# EXERCISE
Find the line with "#11921 = ORIENTED_EDGE" in the entries below. Repeat it, every following line, and the line with "#21231 = CARTESIAN_POINT", exactly and with nothing added.

• • • • • • •

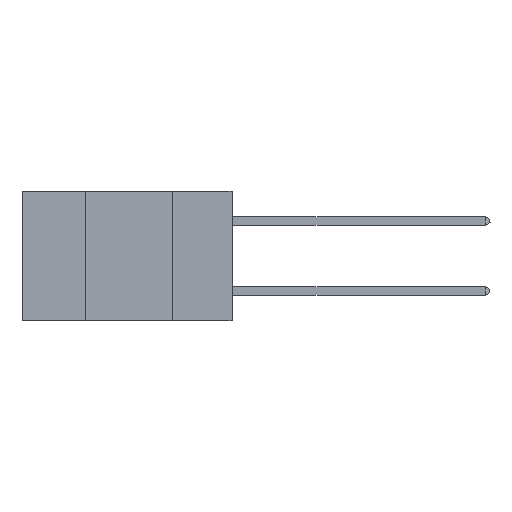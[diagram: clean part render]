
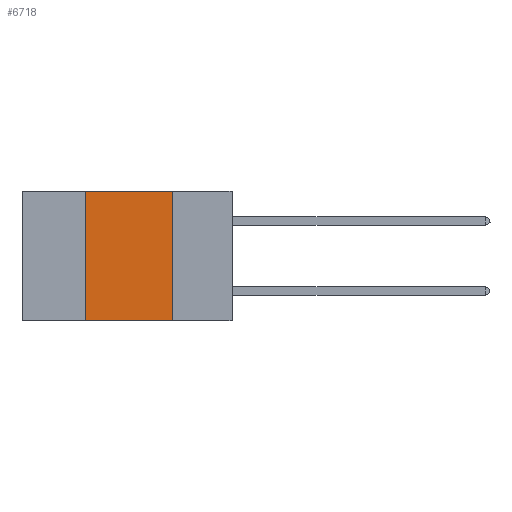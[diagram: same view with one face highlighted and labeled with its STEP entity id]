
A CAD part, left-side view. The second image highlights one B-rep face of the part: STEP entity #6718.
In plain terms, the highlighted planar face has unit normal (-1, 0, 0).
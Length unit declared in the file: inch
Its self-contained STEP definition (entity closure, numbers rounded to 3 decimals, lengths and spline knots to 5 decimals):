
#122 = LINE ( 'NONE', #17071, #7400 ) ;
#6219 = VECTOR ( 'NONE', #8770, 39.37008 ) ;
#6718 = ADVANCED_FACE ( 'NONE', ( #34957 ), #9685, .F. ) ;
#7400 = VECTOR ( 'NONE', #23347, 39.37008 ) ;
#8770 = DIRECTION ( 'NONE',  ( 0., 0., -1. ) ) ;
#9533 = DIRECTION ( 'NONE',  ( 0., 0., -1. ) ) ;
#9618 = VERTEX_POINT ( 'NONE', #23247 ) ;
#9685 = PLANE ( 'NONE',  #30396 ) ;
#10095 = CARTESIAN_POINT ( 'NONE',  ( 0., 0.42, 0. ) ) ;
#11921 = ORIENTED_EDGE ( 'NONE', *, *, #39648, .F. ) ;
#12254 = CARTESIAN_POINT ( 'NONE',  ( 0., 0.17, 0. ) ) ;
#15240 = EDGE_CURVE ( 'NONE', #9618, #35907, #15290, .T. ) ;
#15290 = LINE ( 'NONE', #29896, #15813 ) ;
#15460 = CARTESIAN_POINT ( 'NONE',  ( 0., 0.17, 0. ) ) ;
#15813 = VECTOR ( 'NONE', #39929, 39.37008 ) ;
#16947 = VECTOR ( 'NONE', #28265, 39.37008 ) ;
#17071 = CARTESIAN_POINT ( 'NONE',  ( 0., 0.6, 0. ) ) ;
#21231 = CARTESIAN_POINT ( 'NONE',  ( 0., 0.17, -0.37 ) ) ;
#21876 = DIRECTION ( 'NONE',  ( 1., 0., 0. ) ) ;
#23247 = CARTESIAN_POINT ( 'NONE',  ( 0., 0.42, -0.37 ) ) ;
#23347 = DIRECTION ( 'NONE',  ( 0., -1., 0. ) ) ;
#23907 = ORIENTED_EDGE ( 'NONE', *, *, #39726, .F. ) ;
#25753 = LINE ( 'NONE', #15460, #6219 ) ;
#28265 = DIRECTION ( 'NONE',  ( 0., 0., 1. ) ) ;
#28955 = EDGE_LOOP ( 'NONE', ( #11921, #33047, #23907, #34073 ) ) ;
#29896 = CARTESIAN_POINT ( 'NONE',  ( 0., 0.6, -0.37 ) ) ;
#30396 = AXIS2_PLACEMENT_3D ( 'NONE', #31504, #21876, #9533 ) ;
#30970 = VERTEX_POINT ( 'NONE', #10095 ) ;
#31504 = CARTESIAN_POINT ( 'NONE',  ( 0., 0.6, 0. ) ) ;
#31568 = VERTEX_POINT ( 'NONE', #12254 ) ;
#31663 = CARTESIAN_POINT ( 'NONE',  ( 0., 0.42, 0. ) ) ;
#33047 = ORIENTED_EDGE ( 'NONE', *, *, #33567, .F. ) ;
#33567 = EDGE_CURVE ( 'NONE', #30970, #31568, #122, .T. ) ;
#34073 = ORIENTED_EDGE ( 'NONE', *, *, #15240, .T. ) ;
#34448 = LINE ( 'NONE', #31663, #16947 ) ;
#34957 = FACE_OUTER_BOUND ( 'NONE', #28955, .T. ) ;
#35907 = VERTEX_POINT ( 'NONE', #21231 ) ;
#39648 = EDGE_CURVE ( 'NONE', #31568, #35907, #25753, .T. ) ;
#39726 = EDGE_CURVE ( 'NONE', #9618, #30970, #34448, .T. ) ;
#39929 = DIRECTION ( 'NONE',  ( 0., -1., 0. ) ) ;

• • • • • • •

# ANSWER BOX
#11921 = ORIENTED_EDGE ( 'NONE', *, *, #39648, .F. ) ;
#12254 = CARTESIAN_POINT ( 'NONE',  ( 0., 0.17, 0. ) ) ;
#15240 = EDGE_CURVE ( 'NONE', #9618, #35907, #15290, .T. ) ;
#15290 = LINE ( 'NONE', #29896, #15813 ) ;
#15460 = CARTESIAN_POINT ( 'NONE',  ( 0., 0.17, 0. ) ) ;
#15813 = VECTOR ( 'NONE', #39929, 39.37008 ) ;
#16947 = VECTOR ( 'NONE', #28265, 39.37008 ) ;
#17071 = CARTESIAN_POINT ( 'NONE',  ( 0., 0.6, 0. ) ) ;
#21231 = CARTESIAN_POINT ( 'NONE',  ( 0., 0.17, -0.37 ) ) ;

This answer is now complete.